:: WHAT IS REQUIRED ::
Take the material below and output exactly the run of lines from the one containing "doc.units = 0" down to the one containing "doc.layers.add(name, color=color, linetype=linetype)", with both included.

:: TASK INPUTS ::
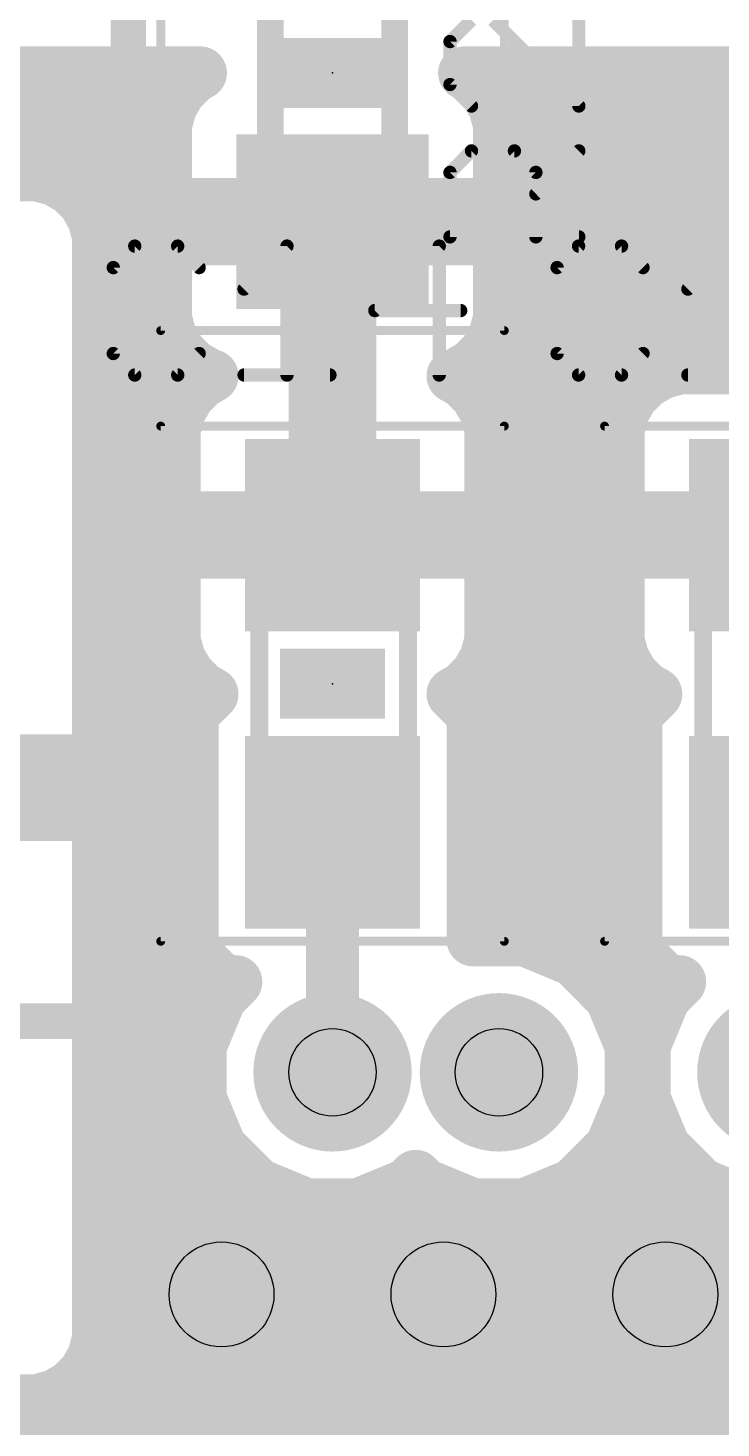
# Model space of a CAD drawing. Extents: x -1 to 68.6, y -1.7 to 63.5.
# Drawn here: x 14.77 to 18.73, y 16.06 to 24.07 of the extents above; entities that cross this region are included whole.
import ezdxf

# ---------------------------------------------------------------- set-up
doc = ezdxf.new("R2010")
doc.units = 0
for name, color, linetype in [('1', 22, 'CONTINUOUS'), ('18', 82, 'CONTINUOUS'), ('21', 253, 'CONTINUOUS'), ('23', 7, 'CONTINUOUS'), ('25', 253, 'CONTINUOUS'), ('31', 253, 'CONTINUOUS'), ('35', 253, 'CONTINUOUS'), ('39', 22, 'CONTINUOUS'), ('44', 253, 'CONTINUOUS'), ('51', 253, 'CONTINUOUS')]:
    doc.layers.add(name, color=color, linetype=linetype)

# ---------------------------------------------------------------- blocks, each defined once
blk = doc.blocks.new('RECT')
blk.add_solid([(-0.5, -0.5), (0.5, -0.5), (-0.5, 0.5), (0.5, 0.5)])
blk = doc.blocks.new('ROUNDV')
at = {"const_width": 0.5}
blk.add_lwpolyline([(0, -0.25, 1), (0, 0.25, 1), (0, -0.25)], format="xyb", dxfattribs=at)
blk = doc.blocks.new('SQUAREV')
blk.add_solid([(-0.5, -0.5), (0.5, -0.5), (-0.5, 0.5), (0.5, 0.5)])

msp = doc.modelspace()

# ---------------------------------------------------------------- linework, layer by layer
at = {"layer": '1', "const_width": 0.3048}
for points in [[(0.6604, 23.8125), (15.7534, 23.8125)], [(15.7105, 23.7877), (15.6348, 23.712)], [(15.7534, 23.8125), (15.7105, 23.7877)], [(17.3095, 23.7877), (17.2666, 23.8125)], [(17.2666, 23.8125), (20.32, 23.8125)], [(17.3852, 23.712), (17.3095, 23.7877)], [(0.6604, 23.7744), (15.6972, 23.7744)], [(15.6348, 23.712), (15.5813, 23.6194)], [(17.3228, 23.7744), (20.3581, 23.7744)], [(17.4387, 23.6194), (17.3852, 23.712)], [(15.5813, 23.6194), (15.5536, 23.516)], [(17.4664, 23.516), (17.4387, 23.6194)], [(3.8201, 23.4696), (15.5536, 23.4696)], [(15.5536, 23.516), (15.5536, 23.0601)], [(17.4664, 23.0601), (17.4664, 23.516)], [(17.4664, 23.4696), (20.6629, 23.4696)], [(14.8185, 23.2314), (12.2174, 23.2314)], [(14.9219, 23.2037), (14.8185, 23.2314)], [(15.0145, 23.1502), (14.9219, 23.2037)], [(14.9892, 23.1648), (15.5536, 23.1648)], [(15.0902, 23.0745), (15.0145, 23.1502)], [(17.4664, 23.1648), (20.9677, 23.1648)], [(15.1437, 22.9819), (15.0902, 23.0745)], [(15.5536, 23.0601), (16.4124, 23.0601)], [(16.4124, 23.0601), (16.4124, 22.8649)], [(16.6076, 22.8649), (16.6076, 23.0601)], [(16.6076, 23.0601), (17.4664, 23.0601)], [(15.1714, 22.8785), (15.1437, 22.9819)], [(15.1714, 19.8774), (15.1714, 22.8785)], [(15.1714, 22.86), (15.5536, 22.86)], [(16.4124, 22.8649), (15.5536, 22.8649)], [(15.5536, 22.8649), (15.5536, 22.409)], [(16.4124, 22.1264), (16.4124, 22.8649)], [(16.4124, 22.8649), (16.6076, 22.8649)], [(16.4124, 22.86), (16.6076, 22.86)], [(16.6076, 22.8649), (16.6076, 21.2676)], [(17.4664, 22.8649), (16.6076, 22.8649)], [(17.4664, 22.409), (17.4664, 22.8649)], [(17.4664, 22.86), (20.8527, 22.86)], [(15.1714, 22.5552), (15.5536, 22.5552)], [(16.4124, 22.5552), (16.6076, 22.5552)], [(17.4664, 22.5552), (20.8527, 22.5552)], [(15.5536, 22.409), (15.5813, 22.3056)], [(17.4387, 22.3056), (17.4664, 22.409)], [(15.5813, 22.3056), (15.6348, 22.213)], [(17.3852, 22.213), (17.4387, 22.3056)], [(15.1714, 22.2504), (15.6132, 22.2504)], [(15.6348, 22.213), (15.7105, 22.1373)], [(16.4124, 22.2504), (16.6076, 22.2504)], [(17.3095, 22.1373), (17.3852, 22.213)], [(17.4068, 22.2504), (20.8527, 22.2504)], [(15.7105, 22.1373), (15.8031, 22.0838)], [(16.4124, 21.2676), (16.4124, 22.1264)], [(17.2169, 22.0838), (17.3095, 22.1373)], [(18.4965, 22.1264), (18.3931, 22.0987)], [(18.9524, 22.1264), (18.4965, 22.1264)], [(15.7605, 22.0452), (15.6848, 21.9695)], [(15.8197, 22.0794), (15.7605, 22.0452)], [(15.8031, 22.0838), (15.8197, 22.0794)], [(17.2003, 22.0794), (17.2169, 22.0838)], [(17.2595, 22.0452), (17.2003, 22.0794)], [(17.3352, 21.9695), (17.2595, 22.0452)], [(18.3005, 22.0452), (18.2248, 21.9695)], [(18.3931, 22.0987), (18.3005, 22.0452)], [(15.1714, 21.9456), (15.671, 21.9456)], [(15.6848, 21.9695), (15.6313, 21.8769)], [(16.4124, 21.9456), (16.6076, 21.9456)], [(17.3887, 21.8769), (17.3352, 21.9695)], [(17.349, 21.9456), (18.211, 21.9456)], [(18.2248, 21.9695), (18.1713, 21.8769)], [(15.6313, 21.8769), (15.6036, 21.7735)], [(17.4164, 21.7735), (17.3887, 21.8769)], [(18.1713, 21.8769), (18.1436, 21.7735)], [(15.6036, 21.7735), (15.6036, 21.2676)], [(17.4164, 21.2676), (17.4164, 21.7735)], [(18.1436, 21.7735), (18.1436, 21.2676)], [(15.1714, 21.6408), (15.6036, 21.6408)], [(16.4124, 21.6408), (16.6076, 21.6408)], [(17.4164, 21.6408), (18.1436, 21.6408)], [(15.1714, 21.336), (15.6036, 21.336)], [(16.4124, 21.336), (16.6076, 21.336)], [(17.4164, 21.336), (18.1436, 21.336)], [(15.6036, 21.2676), (16.4124, 21.2676)], [(16.6076, 21.2676), (16.4124, 21.2676)], [(16.4124, 21.2676), (16.4124, 21.0724)], [(16.6076, 21.0724), (16.6076, 21.2676)], [(16.6076, 21.2676), (17.4164, 21.2676)], [(18.1436, 21.2676), (18.9524, 21.2676)], [(16.4124, 21.0724), (15.6036, 21.0724)], [(15.6036, 21.0724), (15.6036, 20.5665)], [(17.4164, 21.0724), (16.6076, 21.0724)], [(17.4164, 20.5665), (17.4164, 21.0724)], [(18.9524, 21.0724), (18.1436, 21.0724)], [(18.1436, 21.0724), (18.1436, 20.5665)], [(15.1714, 21.0312), (15.6036, 21.0312)], [(17.4164, 21.0312), (18.1436, 21.0312)], [(15.1714, 20.7264), (15.6036, 20.7264)], [(17.4164, 20.7264), (18.1436, 20.7264)], [(15.6036, 20.5665), (15.6313, 20.4631)], [(17.3887, 20.4631), (17.4164, 20.5665)], [(18.1436, 20.5665), (18.1713, 20.4631)], [(15.6313, 20.4631), (15.6848, 20.3705)], [(17.3352, 20.3705), (17.3887, 20.4631)], [(18.1713, 20.4631), (18.2248, 20.3705)], [(15.1714, 20.4216), (15.6553, 20.4216)], [(15.6848, 20.3705), (15.7605, 20.2948)], [(17.2595, 20.2948), (17.3352, 20.3705)], [(17.3647, 20.4216), (18.1953, 20.4216)], [(18.2248, 20.3705), (18.3005, 20.2948)], [(15.7605, 20.2948), (15.8196, 20.2607)], [(17.2004, 20.2607), (17.2595, 20.2948)], [(18.3005, 20.2948), (18.3596, 20.2607)], [(15.8196, 20.2607), (15.7052, 20.1463)], [(17.3148, 20.1463), (17.2004, 20.2607)], [(18.3596, 20.2607), (18.2452, 20.1463)], [(15.1714, 20.1168), (15.7052, 20.1168)], [(15.7052, 20.1463), (15.7052, 18.7937)], [(17.3148, 18.8555), (17.3148, 20.1463)], [(17.3148, 20.1168), (18.2452, 20.1168)], [(18.2452, 20.1463), (18.2452, 18.7937)], [(12.2174, 19.8774), (15.1714, 19.8774)], [(12.2174, 19.812), (15.7052, 19.812)], [(17.3148, 19.812), (18.2452, 19.812)], [(15.1714, 19.5726), (12.2174, 19.5726)], [(15.1714, 16.5715), (15.1714, 19.5726)], [(15.1714, 19.5072), (15.7052, 19.5072)], [(16.51, 19.47), (16.51, 18.0975)], [(17.3148, 19.5072), (18.2452, 19.5072)], [(15.1714, 19.2024), (15.7052, 19.2024)], [(17.3148, 19.2024), (18.2452, 19.2024)], [(15.1714, 18.8976), (15.7052, 18.8976)], [(17.3148, 18.8976), (18.2452, 18.8976)], [(17.6133, 18.8555), (17.3148, 18.8555)], [(17.8919, 18.7401), (17.6133, 18.8555)], [(15.7052, 18.7937), (15.8837, 18.6152)], [(18.2452, 18.7937), (18.4237, 18.6152)], [(18.1051, 18.5269), (17.8919, 18.7401)], [(15.1714, 18.5928), (15.9333, 18.5928)], [(15.9557, 18.6152), (15.8674, 18.5269)], [(15.8837, 18.6152), (15.9557, 18.6152)], [(18.0392, 18.5928), (18.4733, 18.5928)], [(18.4957, 18.6152), (18.4074, 18.5269)], [(18.4237, 18.6152), (18.4957, 18.6152)], [(15.8674, 18.5269), (15.752, 18.2483)], [(18.2205, 18.2483), (18.1051, 18.5269)], [(18.4074, 18.5269), (18.292, 18.2483)], [(15.1714, 18.288), (15.7685, 18.288)], [(18.204, 18.288), (18.3085, 18.288)], [(15.752, 18.2483), (15.752, 17.9467)], [(18.2205, 17.9467), (18.2205, 18.2483)], [(18.292, 18.2483), (18.292, 17.9467)], [(15.1714, 17.9832), (15.752, 17.9832)], [(15.752, 17.9467), (15.8674, 17.6681)], [(18.1051, 17.6681), (18.2205, 17.9467)], [(18.2205, 17.9832), (18.292, 17.9832)], [(18.292, 17.9467), (18.4074, 17.6681)], [(15.1714, 17.6784), (15.8631, 17.6784)], [(15.8674, 17.6681), (16.0806, 17.4549)], [(17.8919, 17.4549), (18.1051, 17.6681)], [(18.1094, 17.6784), (18.4031, 17.6784)], [(18.4074, 17.6681), (18.6206, 17.4549)], [(16.9394, 17.4549), (16.9862, 17.5018)], [(16.9862, 17.5018), (17.0331, 17.4549)], [(16.0806, 17.4549), (16.3592, 17.3395)], [(16.6608, 17.3395), (16.9394, 17.4549)], [(17.0331, 17.4549), (17.3117, 17.3395)], [(17.6133, 17.3395), (17.8919, 17.4549)], [(18.6206, 17.4549), (18.8992, 17.3395)], [(15.1714, 17.3736), (16.2769, 17.3736)], [(16.3592, 17.3395), (16.6608, 17.3395)], [(16.7431, 17.3736), (17.2294, 17.3736)], [(17.3117, 17.3395), (17.6133, 17.3395)], [(17.6956, 17.3736), (18.8169, 17.3736)], [(15.1714, 17.0688), (20.9511, 17.0688)], [(15.1714, 16.764), (20.9511, 16.764)], [(15.1437, 16.4681), (15.1714, 16.5715)], [(15.0902, 16.3755), (15.1437, 16.4681)], [(15.1385, 16.4592), (20.9511, 16.4592)], [(15.0145, 16.2998), (15.0902, 16.3755)], [(14.9219, 16.2463), (15.0145, 16.2998)], [(12.2174, 16.2186), (14.8185, 16.2186)], [(14.8185, 16.2186), (14.9219, 16.2463)], [(6.3638, 16.1544), (20.9511, 16.1544)]]:
    msp.add_lwpolyline(points, dxfattribs=at)
at = {"layer": '1', "const_width": 0.1524}
for points in [[(15.7643, 23.7338, 1), (15.6566, 23.8416)], [(15.7915, 23.7465, 1), (15.7153, 23.8785)], [(15.7534, 23.7363, 1), (15.7534, 23.8887)], [(17.3047, 23.8785, 1), (17.2285, 23.7465)], [(17.2666, 23.8887, 1), (17.2666, 23.7363)], [(17.3634, 23.8416, 1), (17.2557, 23.7338)], [(15.7008, 23.6739, 1), (15.5688, 23.7501)], [(15.6724, 23.8537, 1), (15.7486, 23.7217)], [(15.6972, 23.6982, 1), (15.6972, 23.8506)], [(17.3228, 23.8506, 1), (17.3228, 23.6982)], [(17.2714, 23.7217, 1), (17.3476, 23.8537)], [(17.4512, 23.7501, 1), (17.3192, 23.6739)], [(15.5809, 23.7659, 1), (15.6887, 23.6582)], [(17.3313, 23.6582, 1), (17.4391, 23.7659)], [(15.5153, 23.6575, 1), (15.6473, 23.5813)], [(15.6549, 23.5996, 1), (15.5077, 23.6391)], [(17.5123, 23.6391, 1), (17.3651, 23.5996)], [(17.3727, 23.5813, 1), (17.5047, 23.6575)], [(15.6298, 23.516, 1), (15.4774, 23.516)], [(15.5536, 23.3934, 1), (15.5536, 23.5458)], [(17.5426, 23.516, 1), (17.3902, 23.516)], [(17.4664, 23.5458, 1), (17.4664, 23.3934)], [(15.48, 23.5357, 1), (15.6272, 23.4963)], [(17.3928, 23.4963, 1), (17.54, 23.5357)], [(14.8382, 23.305, 1), (14.7988, 23.1578)], [(14.8185, 23.1552, 1), (14.8185, 23.3076)], [(14.96, 23.2697, 1), (14.8838, 23.1377)], [(14.9021, 23.1301, 1), (14.9416, 23.2773)], [(14.9892, 23.241, 1), (14.9892, 23.0886)], [(15.0684, 23.2041, 1), (14.9607, 23.0963)], [(15.5536, 23.0886, 1), (15.5536, 23.241)], [(17.4664, 23.241, 1), (17.4664, 23.0886)], [(14.9764, 23.0842, 1), (15.0526, 23.2162)], [(15.1562, 23.1126, 1), (15.0242, 23.0364)], [(15.0363, 23.0207, 1), (15.1441, 23.1284)], [(15.5536, 23.1363, 1), (15.5536, 22.9839)], [(16.4886, 23.0601, 1), (16.3362, 23.0601)], [(16.4124, 22.9839, 1), (16.4124, 23.1363)], [(16.6838, 23.0601, 1), (16.5314, 23.0601)], [(16.6076, 23.1363, 1), (16.6076, 22.9839)], [(17.4664, 22.9839, 1), (17.4664, 23.1363)], [(15.2173, 23.0016, 1), (15.0701, 22.9621)], [(15.0777, 22.9438, 1), (15.2097, 23.02)], [(15.4774, 23.0601, 1), (15.6298, 23.0601)], [(17.3902, 23.0601, 1), (17.5426, 23.0601)], [(15.2476, 22.8785, 1), (15.0952, 22.8785)], [(15.1714, 22.9362, 1), (15.1714, 22.7838)], [(15.5536, 22.9411, 1), (15.5536, 22.7887)], [(15.6298, 22.8649, 1), (15.4774, 22.8649)], [(15.5536, 22.7838, 1), (15.5536, 22.9362)], [(16.4886, 22.8649, 1), (16.3362, 22.8649)], [(16.4124, 22.9411, 1), (16.4124, 22.7887)], [(16.4124, 22.9362, 1), (16.4124, 22.7838)], [(16.4124, 22.7887, 1), (16.4124, 22.9411)], [(16.6838, 22.8649, 1), (16.5314, 22.8649)], [(16.6076, 22.9411, 1), (16.6076, 22.7887)], [(16.6076, 22.7887, 1), (16.6076, 22.9411)], [(16.6076, 22.7838, 1), (16.6076, 22.9362)], [(17.5426, 22.8649, 1), (17.3902, 22.8649)], [(17.4664, 22.9362, 1), (17.4664, 22.7838)], [(17.4664, 22.7887, 1), (17.4664, 22.9411)], [(15.0978, 22.8588, 1), (15.245, 22.8982)], [(16.3362, 22.8649, 1), (16.4886, 22.8649)], [(16.5314, 22.8649, 1), (16.6838, 22.8649)], [(15.1714, 22.6314, 1), (15.1714, 22.479)], [(15.5536, 22.479, 1), (15.5536, 22.6314)], [(16.4124, 22.6314, 1), (16.4124, 22.479)], [(16.6076, 22.479, 1), (16.6076, 22.6314)], [(17.4664, 22.6314, 1), (17.4664, 22.479)], [(15.6272, 22.4287, 1), (15.48, 22.3893)], [(17.54, 22.3893, 1), (17.3928, 22.4287)], [(15.4774, 22.409, 1), (15.6298, 22.409)], [(15.6473, 22.3437, 1), (15.5153, 22.2675)], [(17.5047, 22.2675, 1), (17.3727, 22.3437)], [(17.3902, 22.409, 1), (17.5426, 22.409)], [(15.1714, 22.3266, 1), (15.1714, 22.1742)], [(15.5077, 22.2859, 1), (15.6549, 22.3254)], [(15.6887, 22.2668, 1), (15.5809, 22.1591)], [(15.6132, 22.1742, 1), (15.6132, 22.3266)], [(16.4124, 22.3266, 1), (16.4124, 22.1742)], [(16.6076, 22.1742, 1), (16.6076, 22.3266)], [(17.4068, 22.3266, 1), (17.4068, 22.1742)], [(17.4391, 22.1591, 1), (17.3313, 22.2668)], [(17.3651, 22.3254, 1), (17.5123, 22.2859)], [(15.5688, 22.1749, 1), (15.7008, 22.2511)], [(15.7486, 22.2033, 1), (15.6724, 22.0713)], [(15.6566, 22.0834, 1), (15.7643, 22.1912)], [(16.4886, 22.1264, 1), (16.3362, 22.1264)], [(17.2557, 22.1912, 1), (17.3634, 22.0834)], [(17.3476, 22.0713, 1), (17.2714, 22.2033)], [(17.3192, 22.2511, 1), (17.4512, 22.1749)], [(18.4965, 22.2026, 1), (18.4965, 22.0502)], [(18.5162, 22.0528, 1), (18.4768, 22.2)], [(15.7224, 22.1112, 1), (15.7986, 21.9792)], [(15.8143, 21.9913, 1), (15.7066, 22.0991)], [(15.8229, 22.1574, 1), (15.7834, 22.0102)], [(15.765, 22.0178, 1), (15.8412, 22.1498)], [(15.8577, 22.0134, 1), (15.7816, 22.1454)], [(15.7999, 22.0058, 1), (15.8394, 22.153)], [(16.3362, 22.1264, 1), (16.4886, 22.1264)], [(17.2384, 22.1454, 1), (17.1622, 22.0134)], [(17.1806, 22.153, 1), (17.2201, 22.0058)], [(17.1788, 22.1498, 1), (17.255, 22.0178)], [(17.3134, 22.0991, 1), (17.2057, 21.9913)], [(17.2366, 22.0102, 1), (17.1971, 22.1574)], [(17.2214, 21.9792, 1), (17.2976, 22.1112)], [(18.2624, 22.1112, 1), (18.3386, 21.9792)], [(18.3543, 21.9913, 1), (18.2466, 22.0991)], [(18.3734, 22.1723, 1), (18.4129, 22.0251)], [(18.4312, 22.0327, 1), (18.355, 22.1647)], [(15.1714, 22.0218, 1), (15.1714, 21.8694)], [(15.6309, 22.0234, 1), (15.7387, 21.9157)], [(15.7508, 21.9314, 1), (15.6188, 22.0076)], [(15.671, 21.8694, 1), (15.671, 22.0218)], [(16.4124, 22.0218, 1), (16.4124, 21.8694)], [(16.6076, 21.8694, 1), (16.6076, 22.0218)], [(17.4012, 22.0076, 1), (17.2692, 21.9314)], [(17.349, 22.0218, 1), (17.349, 21.8694)], [(17.2813, 21.9157, 1), (17.3891, 22.0234)], [(18.1709, 22.0234, 1), (18.2787, 21.9157)], [(18.2908, 21.9314, 1), (18.1588, 22.0076)], [(18.211, 21.8694, 1), (18.211, 22.0218)], [(15.7049, 21.8571, 1), (15.5577, 21.8966)], [(17.4623, 21.8966, 1), (17.3151, 21.8571)], [(18.2449, 21.8571, 1), (18.0977, 21.8966)], [(15.5653, 21.915, 1), (15.6973, 21.8388)], [(17.3227, 21.8388, 1), (17.4547, 21.915)], [(18.1053, 21.915, 1), (18.2373, 21.8388)], [(15.6798, 21.7735, 1), (15.5274, 21.7735)], [(15.53, 21.7932, 1), (15.6772, 21.7538)], [(17.4926, 21.7735, 1), (17.3402, 21.7735)], [(17.3428, 21.7538, 1), (17.49, 21.7932)], [(18.2198, 21.7735, 1), (18.0674, 21.7735)], [(18.07, 21.7932, 1), (18.2172, 21.7538)], [(15.1714, 21.717, 1), (15.1714, 21.5646)], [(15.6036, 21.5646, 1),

:: EXERCISE RESPONSE ::
doc.units = 0
for name, color, linetype in [('1', 22, 'CONTINUOUS'), ('18', 82, 'CONTINUOUS'), ('21', 253, 'CONTINUOUS'), ('23', 7, 'CONTINUOUS'), ('25', 253, 'CONTINUOUS'), ('31', 253, 'CONTINUOUS'), ('35', 253, 'CONTINUOUS'), ('39', 22, 'CONTINUOUS'), ('44', 253, 'CONTINUOUS'), ('51', 253, 'CONTINUOUS')]:
    doc.layers.add(name, color=color, linetype=linetype)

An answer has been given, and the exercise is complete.